内容は、パン、ミックスナッツ(Dua Kelinci)、チョコバー「Beng-Beng」、そしてLe Mineraleのミネラルウォーター。乗車時間が約30分という短さを考えると、ちょうど良い分量です。静かな車内でパンを頬張りながら車窓を眺める時間は、まさに至福のひとときです。
この日の列車は途中、カラワン(Karawang)駅に停車。
現在も駅周辺には工事中のエリアが残っていますが、2024年には「イオンモール・デルタマス」が開業し、都市開発が着実に進行中です。日系企業の進出も加速しており、この駅が将来的に経済の新たな拠点となる可能性を感じさせます。

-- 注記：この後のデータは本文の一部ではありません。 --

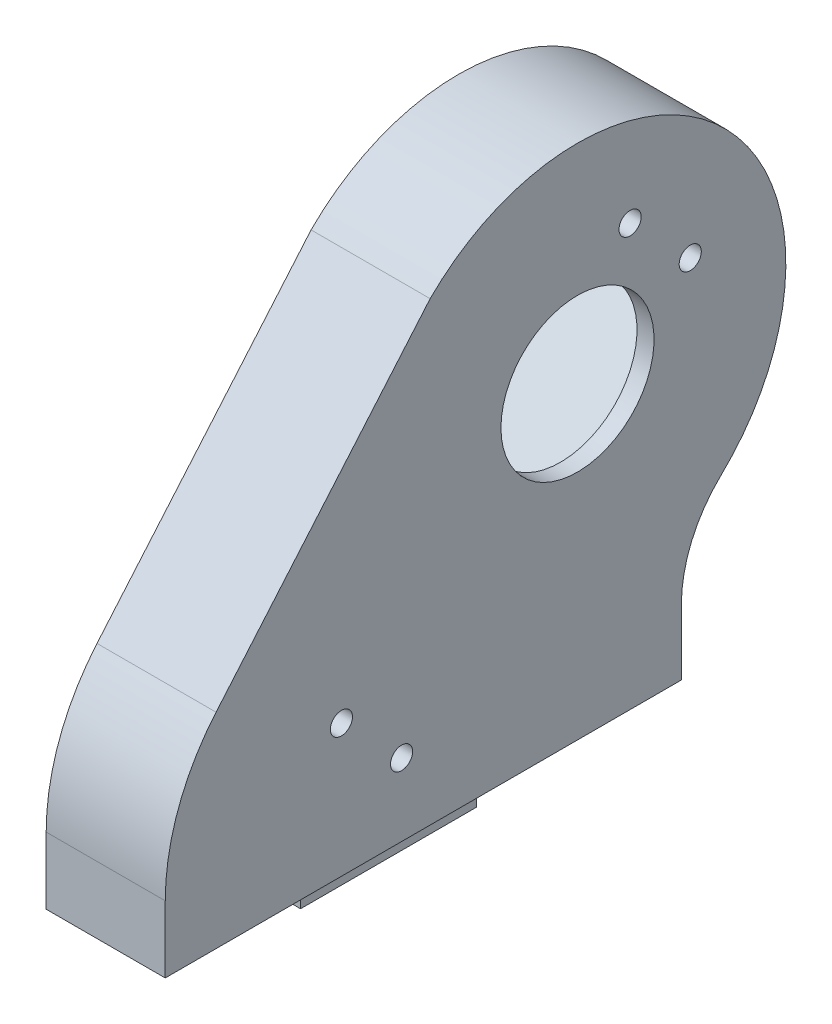
ISO-10303-21;
HEADER;
FILE_DESCRIPTION(('STEP AP214'),'2;1');
FILE_NAME('part.step','',(''),(''),'','','');
FILE_SCHEMA(('AUTOMOTIVE_DESIGN { 1 0 10303 214 1 1 1 1 }'));
ENDSEC;
DATA;
#1=APPLICATION_CONTEXT('core data for automotive mechanical design processes');
#2=APPLICATION_PROTOCOL_DEFINITION('international standard','automotive_design',2000,#1);
#3=PRODUCT_CONTEXT('',#1,'mechanical');
#4=PRODUCT('Part','Part','',(#3));
#5=PRODUCT_RELATED_PRODUCT_CATEGORY('part','',(#4));
#6=PRODUCT_DEFINITION_FORMATION('','',#4);
#7=PRODUCT_DEFINITION_CONTEXT('part definition',#1,'design');
#8=PRODUCT_DEFINITION('design','',#6,#7);
#9=PRODUCT_DEFINITION_SHAPE('','',#8);
#10=(LENGTH_UNIT() NAMED_UNIT(*) SI_UNIT(.MILLI.,.METRE.));
#11=(NAMED_UNIT(*) PLANE_ANGLE_UNIT() SI_UNIT($,.RADIAN.));
#12=(NAMED_UNIT(*) SI_UNIT($,.STERADIAN.) SOLID_ANGLE_UNIT());
#13=UNCERTAINTY_MEASURE_WITH_UNIT(LENGTH_MEASURE(1.E-05),#10,'distance_accuracy_value','');
#14=(GEOMETRIC_REPRESENTATION_CONTEXT(3) GLOBAL_UNCERTAINTY_ASSIGNED_CONTEXT((#13)) GLOBAL_UNIT_ASSIGNED_CONTEXT((#10,
#11,#12)) REPRESENTATION_CONTEXT('',''));
#15=CARTESIAN_POINT('',(0.,0.,0.));
#16=DIRECTION('',(0.,0.,1.));
#17=DIRECTION('',(1.,0.,0.));
#18=AXIS2_PLACEMENT_3D('',#15,#16,#17);
#19=CARTESIAN_POINT('',(1.99999999999999,54.948945885554,-13.741729606692));
#20=DIRECTION('',(0.,0.707106781186547,-0.707106781186548));
#21=DIRECTION('',(0.,0.707106781186548,0.707106781186547));
#22=AXIS2_PLACEMENT_3D('',#19,#20,#21);
#23=PLANE('',#22);
#24=DIRECTION('',(0.,-0.707106781186548,-0.707106781186547));
#25=VECTOR('',#24,1.);
#26=CARTESIAN_POINT('',(-3.5,54.948945885554,-13.741729606692));
#27=LINE('',#26,#25);
#28=CARTESIAN_POINT('',(-3.5,54.948945885554,-13.741729606692));
#29=VERTEX_POINT('',#28);
#30=CARTESIAN_POINT('',(-3.5,40.0997034806365,-28.5909720116095));
#31=VERTEX_POINT('',#30);
#32=EDGE_CURVE('E277',#29,#31,#27,.T.);
#33=ORIENTED_EDGE('',*,*,#32,.T.);
#34=DIRECTION('',(-1.,0.,0.));
#35=VECTOR('',#34,1.);
#36=CARTESIAN_POINT('',(1.99999999999999,40.0997034806365,-28.5909720116095));
#37=LINE('',#36,#35);
#38=CARTESIAN_POINT('',(1.99999999999999,40.0997034806365,-28.5909720116095));
#39=VERTEX_POINT('',#38);
#40=EDGE_CURVE('E389',#39,#31,#37,.T.);
#41=ORIENTED_EDGE('',*,*,#40,.F.);
#42=DIRECTION('',(0.,-0.707106781186548,-0.707106781186547));
#43=VECTOR('',#42,1.);
#44=CARTESIAN_POINT('',(1.99999999999999,54.948945885554,-13.741729606692));
#45=LINE('',#44,#43);
#46=CARTESIAN_POINT('',(1.99999999999999,54.948945885554,-13.741729606692));
#47=VERTEX_POINT('',#46);
#48=EDGE_CURVE('E374',#47,#39,#45,.T.);
#49=ORIENTED_EDGE('',*,*,#48,.F.);
#50=DIRECTION('',(-1.,0.,0.));
#51=VECTOR('',#50,1.);
#52=CARTESIAN_POINT('',(1.99999999999999,54.948945885554,-13.741729606692));
#53=LINE('',#52,#51);
#54=EDGE_CURVE('E392',#47,#29,#53,.T.);
#55=ORIENTED_EDGE('',*,*,#54,.T.);
#56=EDGE_LOOP('',(#33,#41,#49,#55));
#57=FACE_BOUND('',#56,.T.);
#58=ADVANCED_FACE('F58',(#57),#23,.F.);
#59=CARTESIAN_POINT('',(7.99999999999999,4.,0.));
#60=DIRECTION('',(0.,1.,0.));
#61=DIRECTION('',(1.,0.,0.));
#62=AXIS2_PLACEMENT_3D('',#59,#60,#61);
#63=PLANE('',#62);
#64=DIRECTION('',(-1.,0.,0.));
#65=VECTOR('',#64,1.);
#66=CARTESIAN_POINT('',(98.9638448287514,4.,-26.1299478736219));
#67=LINE('',#66,#65);
#68=CARTESIAN_POINT('',(4.,4.,-26.1299478736219));
#69=VERTEX_POINT('',#68);
#70=CARTESIAN_POINT('',(-10.,4.,-26.1299478736219));
#71=VERTEX_POINT('',#70);
#72=EDGE_CURVE('E412',#69,#71,#67,.T.);
#73=ORIENTED_EDGE('',*,*,#72,.F.);
#74=DIRECTION('',(0.,0.,-1.));
#75=VECTOR('',#74,1.);
#76=CARTESIAN_POINT('',(4.,4.,-26.1299478736219));
#77=LINE('',#76,#75);
#78=CARTESIAN_POINT('',(4.,4.,34.549646217337));
#79=VERTEX_POINT('',#78);
#80=EDGE_CURVE('E398',#79,#69,#77,.T.);
#81=ORIENTED_EDGE('',*,*,#80,.F.);
#82=DIRECTION('',(1.,0.,0.));
#83=VECTOR('',#82,1.);
#84=CARTESIAN_POINT('',(-10.,4.,34.5496462173369));
#85=LINE('',#84,#83);
#86=CARTESIAN_POINT('',(-10.,4.,34.549646217337));
#87=VERTEX_POINT('',#86);
#88=EDGE_CURVE('E408',#87,#79,#85,.T.);
#89=ORIENTED_EDGE('',*,*,#88,.F.);
#90=DIRECTION('',(0.,0.,1.));
#91=VECTOR('',#90,1.);
#92=CARTESIAN_POINT('',(-10.,4.,-15.1299478736219));
#93=LINE('',#92,#91);
#94=EDGE_CURVE('E212',#71,#87,#93,.T.);
#95=ORIENTED_EDGE('',*,*,#94,.F.);
#96=EDGE_LOOP('',(#73,#81,#89,#95));
#97=FACE_BOUND('',#96,.T.);
#98=DIRECTION('',(0.,0.,-1.));
#99=VECTOR('',#98,1.);
#100=CARTESIAN_POINT('',(-6.0919121161501,4.,15.549646217337));
#101=LINE('',#100,#99);
#102=CARTESIAN_POINT('',(-6.0919121161501,4.,15.549646217337));
#103=VERTEX_POINT('',#102);
#104=CARTESIAN_POINT('',(-6.0919121161501,4.,-5.15035378266305));
#105=VERTEX_POINT('',#104);
#106=EDGE_CURVE('E330',#103,#105,#101,.T.);
#107=ORIENTED_EDGE('',*,*,#106,.F.);
#108=DIRECTION('',(-1.,0.,0.));
#109=VECTOR('',#108,1.);
#110=CARTESIAN_POINT('',(-6.0919121161501,4.,15.549646217337));
#111=LINE('',#110,#109);
#112=CARTESIAN_POINT('',(0.908087883849897,4.,15.549646217337));
#113=VERTEX_POINT('',#112);
#114=EDGE_CURVE('E335',#113,#103,#111,.T.);
#115=ORIENTED_EDGE('',*,*,#114,.F.);
#116=DIRECTION('',(0.,0.,1.));
#117=VECTOR('',#116,1.);
#118=CARTESIAN_POINT('',(0.908087883849897,4.,15.549646217337));
#119=LINE('',#118,#117);
#120=CARTESIAN_POINT('',(0.908087883849897,4.,-5.15035378266305));
#121=VERTEX_POINT('',#120);
#122=EDGE_CURVE('E349',#121,#113,#119,.T.);
#123=ORIENTED_EDGE('',*,*,#122,.F.);
#124=DIRECTION('',(1.,0.,0.));
#125=VECTOR('',#124,1.);
#126=CARTESIAN_POINT('',(-6.0919121161501,4.,-5.15035378266305));
#127=LINE('',#126,#125);
#128=EDGE_CURVE('E346',#105,#121,#127,.T.);
#129=ORIENTED_EDGE('',*,*,#128,.F.);
#130=EDGE_LOOP('',(#107,#115,#123,#129));
#131=FACE_BOUND('',#130,.T.);
#132=ADVANCED_FACE('F857',(#97,#131),#63,.F.);
#133=CARTESIAN_POINT('',(98.9638448287514,0.,-26.1299478736219));
#134=DIRECTION('',(0.,0.,-1.));
#135=DIRECTION('',(-1.,0.,0.));
#136=AXIS2_PLACEMENT_3D('',#133,#134,#135);
#137=PLANE('',#136);
#138=DIRECTION('',(0.,1.,0.));
#139=VECTOR('',#138,1.);
#140=CARTESIAN_POINT('',(-10.,0.,-26.1299478736219));
#141=LINE('',#140,#139);
#142=CARTESIAN_POINT('',(-10.,11.644549615917,-26.1299478736219));
#143=VERTEX_POINT('',#142);
#144=EDGE_CURVE('E258',#71,#143,#141,.T.);
#145=ORIENTED_EDGE('',*,*,#144,.T.);
#146=DIRECTION('',(1.,0.,0.));
#147=VECTOR('',#146,1.);
#148=CARTESIAN_POINT('',(4.,11.644549615917,-26.1299478736219));
#149=LINE('',#148,#147);
#150=CARTESIAN_POINT('',(4.,11.644549615917,-26.1299478736219));
#151=VERTEX_POINT('',#150);
#152=EDGE_CURVE('E233',#143,#151,#149,.T.);
#153=ORIENTED_EDGE('',*,*,#152,.T.);
#154=DIRECTION('',(0.,1.,0.));
#155=VECTOR('',#154,1.);
#156=CARTESIAN_POINT('',(4.,19.0366427296958,-26.1299478736219));
#157=LINE('',#156,#155);
#158=EDGE_CURVE('E401',#69,#151,#157,.T.);
#159=ORIENTED_EDGE('',*,*,#158,.F.);
#160=ORIENTED_EDGE('',*,*,#72,.T.);
#161=EDGE_LOOP('',(#145,#153,#159,#160));
#162=FACE_BOUND('',#161,.T.);
#163=ADVANCED_FACE('F853',(#162),#137,.T.);
#164=CARTESIAN_POINT('',(98.9638448287514,40.2764801759331,-13.9185063019886));
#165=DIRECTION('',(-1.,0.,0.));
#166=DIRECTION('',(0.,0.,1.));
#167=AXIS2_PLACEMENT_3D('',#164,#165,#166);
#168=CYLINDRICAL_SURFACE('',#167,24.5);
#169=CARTESIAN_POINT('',(-10.,40.2764801759331,-13.9185063019886));
#170=DIRECTION('',(-1.,0.,0.));
#171=DIRECTION('',(0.,0.,1.));
#172=AXIS2_PLACEMENT_3D('',#169,#170,#171);
#173=CIRCLE('',#172,24.5);
#174=CARTESIAN_POINT('',(-10.,22.5174346387079,-30.796489048951));
#175=VERTEX_POINT('',#174);
#176=CARTESIAN_POINT('',(-10.,57.6005963150038,3.40560983708185));
#177=VERTEX_POINT('',#176);
#178=EDGE_CURVE('E250',#175,#177,#173,.F.);
#179=ORIENTED_EDGE('',*,*,#178,.T.);
#180=DIRECTION('',(-1.,0.,0.));
#181=VECTOR('',#180,1.);
#182=CARTESIAN_POINT('',(98.9638448287514,57.6005963150038,3.40560983708185));
#183=LINE('',#182,#181);
#184=CARTESIAN_POINT('',(4.,57.6005963150038,3.40560983708186));
#185=VERTEX_POINT('',#184);
#186=EDGE_CURVE('E236',#185,#177,#183,.T.);
#187=ORIENTED_EDGE('',*,*,#186,.F.);
#188=CARTESIAN_POINT('',(4.,40.2764801759331,-13.9185063019886));
#189=DIRECTION('',(1.,0.,0.));
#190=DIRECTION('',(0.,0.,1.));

現時点では、乗降客はまだ少なく、駅周辺も整備の余地があるものの、イオンモールの存在が利便性と集客力を高めているのは明らか。将来的には、ここで途中下車して買い物を楽しむという選択肢も現実味を帯びてきています。
WHOOSHの設計上の最高速度は350km/hですが、カラワン駅に停車する便では最高速度がやや抑えられる傾向にあります。今回の便では、表示された最高速度は「330km/h」。それでも、驚くほど滑らかでスムーズな走行感は変わりません。
加速も減速も非常にスムーズで、揺れもほとんどなく、会話も静かにできるほどの静粛性。座席でのんびり過ごしているうちに、あっという間にパダララン駅が近づいてきます。
列車はパダララン(Padalarang)駅に到着。乗客の9割ほどがここで下車し、バンドン市内へ向かう「フィーダー列車」へと乗り換えていきます。現在、WHOOSHはバンドン中心部までの直通運行を行っていないため、このフィーダー列車が重要なアクセス手段になっています。
しかし、到着後の改札は混雑が激しく、通過するまでに10分以上かかることもあります。原因は、QRコードチケットの読み取りに時間がかかること。開業から2年が経っても、こうした導線の改善はまだ十分ではなく、今後の改善が期待されます。
パダララン駅からバンドン中心部のバンドン駅までは、KAI(インドネシア国鉄)のフィーダー列車で約15分。この列車はWOOSHのチケットで乗車可能です。さらに、WOOSHが8両編成であるのに対し、フィーダー列車は現在も4両編成のまま。そのため、普通席では座れない乗客が多数出ることもあります。ファーストクラスやビジネスクラスの利用者専用車両はあるものの、一般車両の混雑緩和のためには、編成増強や本数の見直しが必要に感じられました。
設備の整備状況、正確な運行、行き届いたサービス、そして330km/hという高速でも揺れない走行安定性。どれをとっても、他の交通機関では得がたい魅力があります。
短距離ながらも、上質な移動体験を提供してくれるWHOOSH。開業から2年が経っても、その“新しさ”は色あせておらず、今後も日常的な都市間移動に欠かせない存在になっていくことでしょう。
今後、スラバヤ方面への延伸計画も控えており、実現すればインドネシア国内の移動スタイルがさらに変わっていくかもしれません。